Eleven therapists attended an initial information session about virtual reality and eating disorders. Of these 11, 10 enrolled as study therapists. All therapists were eating disorder specialists at the doctoral level (PhD, PsyD, MD). All were female.

3.2.2. Patients

Twenty-three patients were referred by clinic providers to the study. Eleven patients expressed interest in the VE-ER treatment and twelve expressed interests in the TAU condition. Of the 11 eligible participants that expressed interest for the VE-ER condition, 10 chose to enroll, and of the 12 eligible participants for TAU condition, 11 chose to enroll. There was a 100% completion rate in both conditions. The average number of sessions attended was 7 out of 7 for both groups. The majority (90%) of the 10 participants in the VE-ER condition who received all surveys completed surveys; however, as per above, not all participants in this condition received all of the post-treatment assessments.

3.3. Acceptability

3.3.1. VE-ER Intervention

The mean client satisfaction questionnaire-revised (CSQ-R-Patients) score was 24.75 (SD = 6.7, n = 8) out of a possible 32, indicating fairly good treatment satisfaction (Figure 1).

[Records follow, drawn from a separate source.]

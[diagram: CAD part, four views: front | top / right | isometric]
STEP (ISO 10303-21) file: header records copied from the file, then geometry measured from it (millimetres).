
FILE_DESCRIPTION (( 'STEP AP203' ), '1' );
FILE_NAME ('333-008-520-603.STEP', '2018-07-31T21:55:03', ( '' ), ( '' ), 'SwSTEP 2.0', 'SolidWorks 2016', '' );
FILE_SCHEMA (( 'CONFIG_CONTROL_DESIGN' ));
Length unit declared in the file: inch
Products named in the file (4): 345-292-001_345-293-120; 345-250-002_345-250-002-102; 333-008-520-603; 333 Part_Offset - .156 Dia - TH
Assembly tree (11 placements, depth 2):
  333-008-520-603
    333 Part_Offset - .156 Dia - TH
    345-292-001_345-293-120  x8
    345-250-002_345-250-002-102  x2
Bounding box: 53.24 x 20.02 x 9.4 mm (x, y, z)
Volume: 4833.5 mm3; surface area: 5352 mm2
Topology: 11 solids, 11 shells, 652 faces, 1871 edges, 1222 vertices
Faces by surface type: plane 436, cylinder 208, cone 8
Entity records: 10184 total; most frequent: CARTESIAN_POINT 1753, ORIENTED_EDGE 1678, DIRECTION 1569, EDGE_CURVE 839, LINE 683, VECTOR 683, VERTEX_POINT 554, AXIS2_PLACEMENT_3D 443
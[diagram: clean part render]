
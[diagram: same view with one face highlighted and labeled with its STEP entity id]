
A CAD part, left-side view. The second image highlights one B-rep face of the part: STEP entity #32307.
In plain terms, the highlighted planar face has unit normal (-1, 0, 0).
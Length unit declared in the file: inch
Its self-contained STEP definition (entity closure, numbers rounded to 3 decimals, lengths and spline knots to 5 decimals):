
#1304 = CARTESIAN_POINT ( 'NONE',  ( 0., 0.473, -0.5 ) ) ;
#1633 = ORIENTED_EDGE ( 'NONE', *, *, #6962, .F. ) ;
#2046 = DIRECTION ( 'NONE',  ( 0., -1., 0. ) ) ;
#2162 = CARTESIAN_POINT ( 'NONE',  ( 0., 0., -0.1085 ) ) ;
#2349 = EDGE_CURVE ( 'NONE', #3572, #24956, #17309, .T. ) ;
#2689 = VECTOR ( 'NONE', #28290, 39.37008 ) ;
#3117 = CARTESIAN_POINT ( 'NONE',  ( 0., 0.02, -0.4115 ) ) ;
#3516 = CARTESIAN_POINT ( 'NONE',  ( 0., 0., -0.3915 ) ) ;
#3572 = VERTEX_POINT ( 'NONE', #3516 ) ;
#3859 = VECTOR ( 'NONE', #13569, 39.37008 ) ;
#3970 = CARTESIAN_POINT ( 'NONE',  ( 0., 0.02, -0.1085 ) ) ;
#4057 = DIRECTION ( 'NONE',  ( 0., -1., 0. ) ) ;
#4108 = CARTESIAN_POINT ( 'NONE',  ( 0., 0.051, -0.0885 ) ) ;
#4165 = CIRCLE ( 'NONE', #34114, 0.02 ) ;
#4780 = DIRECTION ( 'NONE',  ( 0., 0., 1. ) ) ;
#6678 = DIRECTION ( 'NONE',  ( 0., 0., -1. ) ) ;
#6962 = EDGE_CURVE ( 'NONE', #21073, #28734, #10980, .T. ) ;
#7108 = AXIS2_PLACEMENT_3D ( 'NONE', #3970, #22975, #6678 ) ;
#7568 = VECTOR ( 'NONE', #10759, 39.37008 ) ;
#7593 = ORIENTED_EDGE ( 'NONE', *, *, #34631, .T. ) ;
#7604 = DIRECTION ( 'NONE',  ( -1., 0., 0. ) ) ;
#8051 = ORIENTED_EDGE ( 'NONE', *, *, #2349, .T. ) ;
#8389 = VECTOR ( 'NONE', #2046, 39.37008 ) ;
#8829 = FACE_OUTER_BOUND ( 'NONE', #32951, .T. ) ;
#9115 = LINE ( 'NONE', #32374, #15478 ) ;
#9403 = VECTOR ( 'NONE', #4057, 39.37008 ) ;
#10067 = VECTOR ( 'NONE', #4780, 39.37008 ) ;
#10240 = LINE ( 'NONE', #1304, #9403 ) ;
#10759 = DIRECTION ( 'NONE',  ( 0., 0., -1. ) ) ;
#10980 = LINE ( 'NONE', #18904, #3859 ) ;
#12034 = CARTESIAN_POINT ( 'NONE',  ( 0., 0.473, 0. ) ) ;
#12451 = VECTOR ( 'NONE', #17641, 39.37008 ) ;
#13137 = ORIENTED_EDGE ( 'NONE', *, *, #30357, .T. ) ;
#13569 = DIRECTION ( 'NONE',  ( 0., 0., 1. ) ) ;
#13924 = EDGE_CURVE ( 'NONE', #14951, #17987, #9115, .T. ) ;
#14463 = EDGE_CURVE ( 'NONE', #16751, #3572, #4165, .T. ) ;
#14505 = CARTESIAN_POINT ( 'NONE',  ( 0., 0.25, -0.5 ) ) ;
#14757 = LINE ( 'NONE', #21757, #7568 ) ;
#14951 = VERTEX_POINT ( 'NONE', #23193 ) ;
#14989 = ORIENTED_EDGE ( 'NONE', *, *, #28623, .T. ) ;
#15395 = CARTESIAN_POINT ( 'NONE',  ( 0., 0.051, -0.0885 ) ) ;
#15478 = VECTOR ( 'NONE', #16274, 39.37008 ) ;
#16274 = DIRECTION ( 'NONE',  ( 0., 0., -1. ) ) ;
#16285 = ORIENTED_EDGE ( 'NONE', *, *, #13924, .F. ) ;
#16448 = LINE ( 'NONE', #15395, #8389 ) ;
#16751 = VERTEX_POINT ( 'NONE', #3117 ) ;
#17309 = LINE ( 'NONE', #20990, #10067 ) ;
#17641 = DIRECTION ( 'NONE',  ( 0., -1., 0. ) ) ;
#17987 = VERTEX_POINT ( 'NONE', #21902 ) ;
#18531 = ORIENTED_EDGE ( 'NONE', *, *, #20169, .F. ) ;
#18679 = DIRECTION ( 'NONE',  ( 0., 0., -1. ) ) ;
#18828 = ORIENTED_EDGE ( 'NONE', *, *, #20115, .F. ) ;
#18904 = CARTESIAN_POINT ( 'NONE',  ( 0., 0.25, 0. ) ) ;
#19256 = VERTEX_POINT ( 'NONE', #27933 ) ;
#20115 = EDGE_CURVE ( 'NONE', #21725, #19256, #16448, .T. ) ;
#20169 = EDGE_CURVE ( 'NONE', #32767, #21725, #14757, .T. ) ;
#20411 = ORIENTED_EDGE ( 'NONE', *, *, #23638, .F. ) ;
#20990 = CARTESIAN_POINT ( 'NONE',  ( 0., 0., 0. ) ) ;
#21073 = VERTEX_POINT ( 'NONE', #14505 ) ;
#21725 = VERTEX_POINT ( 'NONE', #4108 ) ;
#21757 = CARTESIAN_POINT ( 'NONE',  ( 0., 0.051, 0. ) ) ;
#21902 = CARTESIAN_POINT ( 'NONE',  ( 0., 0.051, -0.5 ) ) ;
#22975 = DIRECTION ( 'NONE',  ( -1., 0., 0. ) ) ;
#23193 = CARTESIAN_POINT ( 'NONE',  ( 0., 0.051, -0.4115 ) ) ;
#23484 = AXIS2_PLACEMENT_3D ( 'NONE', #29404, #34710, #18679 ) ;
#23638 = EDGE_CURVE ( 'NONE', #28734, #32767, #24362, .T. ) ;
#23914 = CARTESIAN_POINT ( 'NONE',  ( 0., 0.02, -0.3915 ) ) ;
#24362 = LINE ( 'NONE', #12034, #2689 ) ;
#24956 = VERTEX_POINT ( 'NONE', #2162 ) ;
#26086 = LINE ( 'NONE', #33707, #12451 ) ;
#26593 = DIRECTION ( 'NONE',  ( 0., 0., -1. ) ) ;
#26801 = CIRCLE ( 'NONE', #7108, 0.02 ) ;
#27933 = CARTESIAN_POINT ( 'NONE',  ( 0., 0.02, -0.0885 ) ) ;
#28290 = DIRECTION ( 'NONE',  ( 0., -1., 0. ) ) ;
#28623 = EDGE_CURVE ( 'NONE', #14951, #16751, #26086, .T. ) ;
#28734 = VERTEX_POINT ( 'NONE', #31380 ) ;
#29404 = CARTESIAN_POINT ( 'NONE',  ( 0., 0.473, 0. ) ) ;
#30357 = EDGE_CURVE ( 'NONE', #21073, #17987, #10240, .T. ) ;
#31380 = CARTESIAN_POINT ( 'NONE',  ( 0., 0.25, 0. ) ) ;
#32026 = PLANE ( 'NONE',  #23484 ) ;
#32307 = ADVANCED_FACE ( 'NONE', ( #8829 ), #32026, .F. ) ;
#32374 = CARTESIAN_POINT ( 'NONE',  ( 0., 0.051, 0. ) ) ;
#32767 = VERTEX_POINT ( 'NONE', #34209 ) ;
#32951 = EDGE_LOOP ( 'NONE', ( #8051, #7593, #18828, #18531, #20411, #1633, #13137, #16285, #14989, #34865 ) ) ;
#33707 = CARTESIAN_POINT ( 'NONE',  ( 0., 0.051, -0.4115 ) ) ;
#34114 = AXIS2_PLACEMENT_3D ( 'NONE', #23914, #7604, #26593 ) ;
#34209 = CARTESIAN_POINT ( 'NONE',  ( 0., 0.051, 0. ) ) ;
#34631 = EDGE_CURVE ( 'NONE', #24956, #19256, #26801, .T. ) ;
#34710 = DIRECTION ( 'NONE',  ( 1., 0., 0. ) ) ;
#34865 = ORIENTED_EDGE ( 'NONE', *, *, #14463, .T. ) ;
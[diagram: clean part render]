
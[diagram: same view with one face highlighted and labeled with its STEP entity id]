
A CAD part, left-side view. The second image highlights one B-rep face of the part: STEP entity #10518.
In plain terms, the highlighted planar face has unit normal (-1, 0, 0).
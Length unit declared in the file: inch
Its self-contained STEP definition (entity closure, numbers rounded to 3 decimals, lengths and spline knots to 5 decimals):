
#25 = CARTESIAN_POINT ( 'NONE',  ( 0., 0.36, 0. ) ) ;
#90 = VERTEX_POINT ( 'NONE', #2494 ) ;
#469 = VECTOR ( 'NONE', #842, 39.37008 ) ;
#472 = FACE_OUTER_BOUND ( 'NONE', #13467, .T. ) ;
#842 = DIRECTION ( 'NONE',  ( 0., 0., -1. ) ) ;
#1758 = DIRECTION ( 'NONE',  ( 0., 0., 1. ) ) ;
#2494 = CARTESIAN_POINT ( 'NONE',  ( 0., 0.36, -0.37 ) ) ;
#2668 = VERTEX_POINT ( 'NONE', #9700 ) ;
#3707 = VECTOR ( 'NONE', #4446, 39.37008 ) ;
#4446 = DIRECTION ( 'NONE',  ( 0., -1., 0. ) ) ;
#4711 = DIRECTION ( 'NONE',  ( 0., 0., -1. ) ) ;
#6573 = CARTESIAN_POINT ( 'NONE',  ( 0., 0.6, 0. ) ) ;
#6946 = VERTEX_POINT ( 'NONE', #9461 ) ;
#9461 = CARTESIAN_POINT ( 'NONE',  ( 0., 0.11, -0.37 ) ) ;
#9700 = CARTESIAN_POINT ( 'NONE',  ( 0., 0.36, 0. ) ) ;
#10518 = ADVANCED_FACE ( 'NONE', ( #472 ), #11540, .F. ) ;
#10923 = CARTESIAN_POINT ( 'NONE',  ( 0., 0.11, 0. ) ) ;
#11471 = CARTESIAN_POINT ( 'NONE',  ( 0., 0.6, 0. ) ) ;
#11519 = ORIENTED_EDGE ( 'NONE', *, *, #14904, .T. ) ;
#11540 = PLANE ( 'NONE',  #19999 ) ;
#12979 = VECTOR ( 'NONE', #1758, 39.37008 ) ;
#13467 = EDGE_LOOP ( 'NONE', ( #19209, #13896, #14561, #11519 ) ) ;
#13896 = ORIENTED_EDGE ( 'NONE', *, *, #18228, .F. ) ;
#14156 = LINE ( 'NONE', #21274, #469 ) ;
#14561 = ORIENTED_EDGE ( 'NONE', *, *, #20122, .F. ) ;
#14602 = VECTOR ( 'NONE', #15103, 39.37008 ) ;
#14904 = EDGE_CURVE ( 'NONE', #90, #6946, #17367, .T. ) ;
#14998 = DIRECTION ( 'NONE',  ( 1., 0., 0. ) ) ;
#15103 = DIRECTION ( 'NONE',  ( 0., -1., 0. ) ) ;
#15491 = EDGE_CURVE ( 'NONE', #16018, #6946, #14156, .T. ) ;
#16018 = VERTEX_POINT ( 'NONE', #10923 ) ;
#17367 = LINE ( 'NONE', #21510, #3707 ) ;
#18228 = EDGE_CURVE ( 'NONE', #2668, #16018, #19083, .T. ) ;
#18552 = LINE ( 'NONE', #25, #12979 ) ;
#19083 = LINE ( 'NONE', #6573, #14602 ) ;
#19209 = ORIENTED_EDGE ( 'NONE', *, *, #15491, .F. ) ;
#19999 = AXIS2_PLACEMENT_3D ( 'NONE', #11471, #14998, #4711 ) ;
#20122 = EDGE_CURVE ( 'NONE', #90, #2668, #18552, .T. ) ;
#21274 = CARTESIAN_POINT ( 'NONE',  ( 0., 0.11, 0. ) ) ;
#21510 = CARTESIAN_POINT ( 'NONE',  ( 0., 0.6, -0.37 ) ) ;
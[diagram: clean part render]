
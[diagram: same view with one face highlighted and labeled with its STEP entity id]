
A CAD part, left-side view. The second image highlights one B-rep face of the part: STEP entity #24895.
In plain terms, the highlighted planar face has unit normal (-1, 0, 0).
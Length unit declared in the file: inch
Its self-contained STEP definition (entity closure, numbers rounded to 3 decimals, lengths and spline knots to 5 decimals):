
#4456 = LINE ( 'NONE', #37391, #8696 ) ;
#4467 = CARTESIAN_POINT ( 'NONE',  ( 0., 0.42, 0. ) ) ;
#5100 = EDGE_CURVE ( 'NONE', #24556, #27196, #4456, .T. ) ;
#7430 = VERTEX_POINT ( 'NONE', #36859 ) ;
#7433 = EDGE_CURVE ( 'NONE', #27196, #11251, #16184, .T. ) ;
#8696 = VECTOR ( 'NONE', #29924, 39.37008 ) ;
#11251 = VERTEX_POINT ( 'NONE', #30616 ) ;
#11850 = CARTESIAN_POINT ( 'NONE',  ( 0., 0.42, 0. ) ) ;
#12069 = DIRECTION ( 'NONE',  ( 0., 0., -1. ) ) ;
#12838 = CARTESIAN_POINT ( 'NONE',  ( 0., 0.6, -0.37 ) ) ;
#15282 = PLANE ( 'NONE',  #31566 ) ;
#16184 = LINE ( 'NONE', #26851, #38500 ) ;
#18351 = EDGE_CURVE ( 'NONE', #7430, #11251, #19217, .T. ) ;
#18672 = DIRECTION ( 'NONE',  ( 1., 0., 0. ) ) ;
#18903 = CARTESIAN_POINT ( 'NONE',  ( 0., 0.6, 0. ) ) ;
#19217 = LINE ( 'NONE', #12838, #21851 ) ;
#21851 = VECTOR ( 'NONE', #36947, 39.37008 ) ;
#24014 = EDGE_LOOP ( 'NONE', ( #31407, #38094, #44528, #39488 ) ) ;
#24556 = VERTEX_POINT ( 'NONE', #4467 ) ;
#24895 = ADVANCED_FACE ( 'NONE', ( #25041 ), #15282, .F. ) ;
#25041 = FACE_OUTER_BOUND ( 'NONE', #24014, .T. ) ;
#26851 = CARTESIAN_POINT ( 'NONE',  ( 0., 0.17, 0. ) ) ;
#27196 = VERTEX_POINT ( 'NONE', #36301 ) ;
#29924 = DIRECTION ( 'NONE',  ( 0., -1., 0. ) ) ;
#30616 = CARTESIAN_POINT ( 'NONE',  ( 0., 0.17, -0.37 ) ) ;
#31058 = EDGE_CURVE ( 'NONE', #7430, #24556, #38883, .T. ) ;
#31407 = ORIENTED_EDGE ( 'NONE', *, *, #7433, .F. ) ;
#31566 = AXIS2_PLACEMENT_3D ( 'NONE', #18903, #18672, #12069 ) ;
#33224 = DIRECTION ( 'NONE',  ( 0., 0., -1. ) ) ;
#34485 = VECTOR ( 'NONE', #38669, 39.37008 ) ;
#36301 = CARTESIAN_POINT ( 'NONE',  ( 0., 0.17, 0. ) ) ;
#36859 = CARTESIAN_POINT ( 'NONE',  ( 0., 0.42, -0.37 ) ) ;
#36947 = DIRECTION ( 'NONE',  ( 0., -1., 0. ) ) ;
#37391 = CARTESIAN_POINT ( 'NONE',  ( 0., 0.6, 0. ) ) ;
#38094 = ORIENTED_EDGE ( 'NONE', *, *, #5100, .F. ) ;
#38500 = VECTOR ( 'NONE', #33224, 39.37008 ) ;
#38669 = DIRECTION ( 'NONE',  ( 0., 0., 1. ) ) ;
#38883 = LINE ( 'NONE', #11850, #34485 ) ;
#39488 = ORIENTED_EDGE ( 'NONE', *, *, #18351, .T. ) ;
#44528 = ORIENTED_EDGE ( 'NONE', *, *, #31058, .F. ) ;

The majority of the participants, 75% (6/8), rated the quality of the treatment as “excellent” or “good”. Generally, two participants (25%) had neutral-to-negative feedback about the treatment. Six of the participants (75%) reported that they would participate in the intervention again if they sought services for emotional regulation. Five of the participants (62.5%) reported that they would participate in the intervention again if they sought services for emotional eating.
Participants were also asked about their satisfaction with the 2-D virtual scenarios and technology. All but one participant (87.5%, 7/8) reported that the journeys clearly conveyed the various emotional themes; one (12.5%) found them to be only “a little” clear. When asked to rate their satisfaction with the narrator’s voice, participants responded as follows: 12.5% (1/8) “very satisfied”, 12.5% (1/8) “mostly satisfied”, 50% (4/8) “indifferent or mildly satisfied”, or 12.5% (1/8) “quite dissatisfied”. Participants rated the sound effects as helping “a great deal” (25%; 2/8), “somewhat” (37.5%, 3/8), or “didn’t really help” (37.5%, 3/8). Most of the participants found the virtual scenarios to be “realistic” (50%, 4/8) or “a little realistic” (25%, 2/8); two found them to b “not at all” realistic (25%). Open ended -responses from these two participants suggest that they did not find them to be realistic because of connectivity issues (“choppy movement” during the video) or the stimuli not being relatable to real-world stimuli. One participant wrote “It felt like I was watching a cartoon and the exposures were not advanced enough cinematically without a virtual reality setting. This really needs to be in a virtual reality setting—I understand covid upended the in-person study, but the team needs to explore an at home virtual reality experience…”. All but one participant (87.5%) reported being at least a little successful at using the audio recordings outside of treatment sessions.
In an open-ended response format, all participants were asked about the most helpful aspects of the intervention. Fifty percent of participants (4/8) stated that talking with the therapist was helpful; many felt that a strong therapeutic alliance was critical, in addition to meaningful reflection, processing, and insights following immersive scenes. Some responses additionally added that “the physical participation of holding a compass, or carrying a backpack” and “accessibility to videos as needed” were helpful. Participants were asked about the least helpful aspects of the intervention. Thirty-eight percent of participants (3/8) responded that audio or video quality was the least helpful; participants found the video to be “choppy” or “botched” intermittently during screenshare. One participant commented, “The program (or maybe the therapist?) did not do a good job relating the videos and topics on emotion regulation to binge eating”.
Participants were asked how they would improve the intervention. Twenty-five percent of participants (2/8) reported that they would improve the quality of the VR-ER videos; for example, one participant stated, “I had hoped the immersive experiences would have felt more realistic”. Other responses included using 3D virtual reality (37.5%, 3/8), personalizing videos for each participant (25%, 2/8), being more open to the intervention (12.5%, 1/8), and having videos be more easily accessible for between-session review (i.e., not emailed but accessible on an app) (12.5%, 1/8).

3.3.2. TAU Treatment

The mean CSQ-R score was 24.50 (SD = 1.58) out of possible 32, indicating good treatment satisfaction. The majority of the participants, 80% (8/10), rated the quality of the treatment as “excellent”, and 20% (2/10) rated the quality of the treatment as “good”. Overall, 90% (9/10) of patients were satisfied with the TAU treatment, and 10% (1/10) of patients were indifferent or mildly dissatisfied.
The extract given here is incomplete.